# MaCafee  auto renewal: charged my credit card without permission?



## Tessi (1 Mar 2010)

Hi
I bought a computer four years ago with three years macafee subscription included.  

Last year this expired and I agreed to purchase an extra year and paid for it with my credit card on line.  It cost about €36. 

I had intended to research the internet in the mean time to get advice on the cheapest/best security package, so that I would be more prepared when the year expired.  Anyway the year has gone by, I forgot all about it and then I get an email over the weekend to say Macafee have automatically renewed my subscription and charged me £48.89 (sterling) and used the credit card details I'd given last year.

Now I have rang them this morning and cancelled and they said they give me a refund in 5 days.  To be honest I think it's shocking that they can go ahead without my permission and not only charge me but any amout they want to.  I never normally pay on line for things but I never believed that your credit card details could be used over and over without agreed confirmation. 

If this can happen with MacFee, whats stopping other companies from charging us for bogus items we never asked for. 
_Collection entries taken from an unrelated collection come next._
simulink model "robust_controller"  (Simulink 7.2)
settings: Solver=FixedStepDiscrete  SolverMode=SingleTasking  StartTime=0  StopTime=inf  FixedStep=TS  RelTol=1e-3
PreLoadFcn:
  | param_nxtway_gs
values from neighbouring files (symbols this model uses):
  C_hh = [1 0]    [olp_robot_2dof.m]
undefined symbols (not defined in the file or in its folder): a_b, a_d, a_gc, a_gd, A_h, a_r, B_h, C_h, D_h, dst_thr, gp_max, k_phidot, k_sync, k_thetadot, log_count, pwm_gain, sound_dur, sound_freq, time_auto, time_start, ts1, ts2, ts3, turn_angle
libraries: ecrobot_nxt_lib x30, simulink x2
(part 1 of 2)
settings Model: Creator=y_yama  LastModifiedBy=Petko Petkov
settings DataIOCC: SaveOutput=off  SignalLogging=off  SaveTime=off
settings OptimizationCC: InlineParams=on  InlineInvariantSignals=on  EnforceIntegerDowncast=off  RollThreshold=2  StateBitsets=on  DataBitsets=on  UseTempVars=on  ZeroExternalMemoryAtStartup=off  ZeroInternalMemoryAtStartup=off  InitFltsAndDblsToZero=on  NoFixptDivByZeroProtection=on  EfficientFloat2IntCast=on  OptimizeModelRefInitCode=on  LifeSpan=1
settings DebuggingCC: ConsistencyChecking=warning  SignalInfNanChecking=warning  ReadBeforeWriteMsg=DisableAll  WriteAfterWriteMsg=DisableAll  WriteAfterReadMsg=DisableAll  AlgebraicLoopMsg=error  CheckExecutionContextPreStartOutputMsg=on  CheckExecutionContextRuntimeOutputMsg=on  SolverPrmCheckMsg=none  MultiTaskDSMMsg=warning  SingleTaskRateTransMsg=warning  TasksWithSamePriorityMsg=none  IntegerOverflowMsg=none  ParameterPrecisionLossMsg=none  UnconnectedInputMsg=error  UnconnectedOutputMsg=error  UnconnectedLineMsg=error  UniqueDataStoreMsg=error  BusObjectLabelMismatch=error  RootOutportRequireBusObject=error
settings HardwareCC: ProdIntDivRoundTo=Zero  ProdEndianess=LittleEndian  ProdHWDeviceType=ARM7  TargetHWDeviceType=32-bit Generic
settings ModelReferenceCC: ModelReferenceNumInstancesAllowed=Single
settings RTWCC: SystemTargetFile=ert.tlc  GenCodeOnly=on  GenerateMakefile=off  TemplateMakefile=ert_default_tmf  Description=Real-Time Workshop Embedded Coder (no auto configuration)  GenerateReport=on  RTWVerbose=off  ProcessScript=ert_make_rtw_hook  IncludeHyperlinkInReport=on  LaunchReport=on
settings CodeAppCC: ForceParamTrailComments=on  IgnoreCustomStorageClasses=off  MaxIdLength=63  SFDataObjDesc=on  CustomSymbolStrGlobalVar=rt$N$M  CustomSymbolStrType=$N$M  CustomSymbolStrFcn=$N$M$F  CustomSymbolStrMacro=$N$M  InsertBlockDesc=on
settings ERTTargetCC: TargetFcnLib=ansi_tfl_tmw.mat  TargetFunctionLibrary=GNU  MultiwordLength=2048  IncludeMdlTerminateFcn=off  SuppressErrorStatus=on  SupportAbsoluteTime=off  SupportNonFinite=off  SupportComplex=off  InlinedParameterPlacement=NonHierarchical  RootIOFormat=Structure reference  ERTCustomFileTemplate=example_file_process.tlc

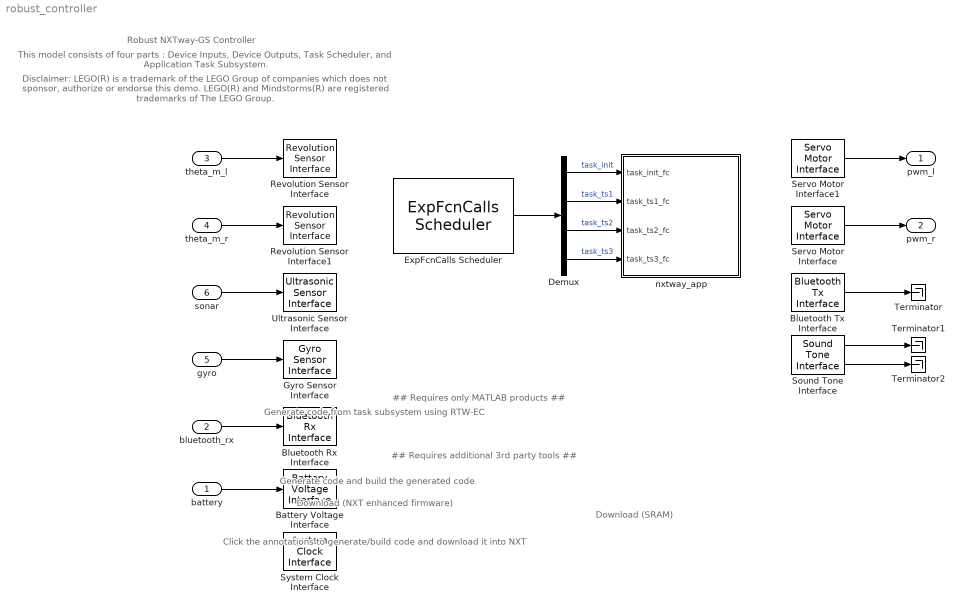
== system robust_controller ==
  note: Disclaimer:
      | LEGO(R) is a trademark of the LEGO Group of companies which does not sponsor, authorize or endorse this demo.
      | LEGO(R) and Mindstorms(R) are registered trademarks of The LEGO Group.
  note: Robust NXTway-GS Controller
  note: This model consists of four parts : Device Inputs, Device Outputs, Task Scheduler, and Application Task Subsystem.
  note: Generate code from task subsystem using RTW-EC
  note: Generate code and build the generated code
  note: ## Requires only MATLAB products ##
  note: ## Requires additional 3rd party tools ##
  note: Download (SRAM)
  note: Download (NXT enhanced firmware)
  note: Click the annotations to generate/build code and download it into NXT
  battery : Inport  DataType=uint16  OutDataType=sfix(16)  OutScaling=2^0  OutDataTypeStr=uint16
  bluetooth_rx : Inport  Port=2  DataType=uint8  OutDataType=sfix(16)  OutScaling=2^0  OutDataTypeStr=uint8
  theta_m_l : Inport  Port=3  DataType=int32  OutDataType=sfix(16)  OutScaling=2^0  OutDataTypeStr=int32
  theta_m_r : Inport  Port=4  DataType=int32  OutDataType=sfix(16)  OutScaling=2^0  OutDataTypeStr=int32
  gyro : Inport  Port=5  DataType=uint16  OutDataType=sfix(16)  OutScaling=2^0  OutDataTypeStr=uint16
  sonar : Inport  Port=6  DataType=int32  OutDataType=sfix(16)  OutScaling=2^0  OutDataTypeStr=int32
  Battery Voltage Interface : ecrobot_nxt_lib/Battery Voltage Interface  Priority=-1  SystemSampleTime=-1
      settings: AttributesFormatString=Priority = %<Priority>
  Bluetooth Rx Interface : ecrobot_nxt_lib/Bluetooth Rx Interface  Priority=-1  SystemSampleTime=-1
      settings: AttributesFormatString=Priority = %<Priority>
  Bluetooth Tx Interface : ecrobot_nxt_lib/Bluetooth Tx Interface  Priority=1  SystemSampleTime=-1
      settings: AttributesFormatString=Priority = %<Priority>
  Demux : Demux
  ExpFcnCalls Scheduler : ecrobot_nxt_lib/ExpFcnCalls Scheduler  Priority=0  fcname='task_init', 'task_ts1', 'task_ts2', 'task_ts3'  fctrigger=[0, ts1*1000, ts2*1000, ts3*1000]  ts=0.001  platform=OSEK  stacksize=[512, 512, 512, 512]  bd_mode=Slave
      settings: AttributesFormatString=Priority = %<Priority>
  Gyro Sensor Interface : ecrobot_nxt_lib/Gyro Sensor Interface  Priority=-1  SystemSampleTime=-1  ip=S4
      settings: AttributesFormatString=Port = %<ip>\nPriority = %<Priority>
  Revolution Sensor Interface : ecrobot_nxt_lib/Revolution Sensor Interface  Priority=-1  SystemSampleTime=-1  ip=C
      settings: AttributesFormatString=Port = %<ip>\nPriority = %<Priority>
  Revolution Sensor Interface1 : ecrobot_nxt_lib/Revolution Sensor Interface  Priority=-1  SystemSampleTime=-1  ip=B
      settings: AttributesFormatString=Port = %<ip>\nPriority = %<Priority>
  Servo Motor Interface : ecrobot_nxt_lib/Servo Motor Interface  Priority=1  SystemSampleTime=-1  ip=B  mode=Brake
      settings: AttributesFormatString=Port = %<ip>\nPriority = %<Priority>
  Servo Motor Interface1 : ecrobot_nxt_lib/Servo Motor Interface  Priority=1  SystemSampleTime=-1  ip=C  mode=Brake
      settings: AttributesFormatString=Port = %<ip>\nPriority = %<Priority>
  Sound Tone Interface : ecrobot_nxt_lib/Sound Tone  Interface  Priority=1  SystemSampleTime=-1
      settings: AttributesFormatString=Priority = %<Priority>
  System Clock Interface : ecrobot_nxt_lib/System Clock Interface  Priority=-1  SystemSampleTime=-1
      settings: AttributesFormatString=Priority = %<Priority>
  Terminator : Terminator
  Terminator1 : Terminator
  Terminator2 : Terminator
  Ultrasonic Sensor Interface : ecrobot_nxt_lib/Ultrasonic Sensor Interface  Priority=-1  SystemSampleTime=-1  ip=S2
      settings: AttributesFormatString=Port = %<ip>\nPriority = %<Priority>
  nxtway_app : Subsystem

Does this mean I can never trust paying with my credit card again on line or is there something I can do to stop my credit card details being used again without my permission?


----------



## paddyc (1 Mar 2010)

*Re: MaCafee Subscription auto renewal*

Its possible in their terms and conditions that a default option allowing them to automatically renew the subscription and billed the card was selected. I have never had this happen to me before however.


----------



## fobs (1 Mar 2010)

*Re: MaCafee Subscription auto renewal*

This is exactly the case as it happened to me. You need to opt out of automatically renewing the subscription. I had an extra year paid for using my credit card details and had to opt out to prevent this happening again. Sneaky really as I never noticed this option when signing up.


----------



## paddyc (1 Mar 2010)

*Re: MaCafee Subscription auto renewal*

I had a free trial for 3 months with a PC of bullguard security suite, never heard of it before then but it got some very good reviews in comparrison with some of the big name products. When the trial was expiring they sent me several emails for renewing all of which I ignored, started at something like €70 and they kept bringing it down, I renewed it for €20 or €22 euro. You could download their 60 day trial http://www.bullguard.com/ and see if you like it. 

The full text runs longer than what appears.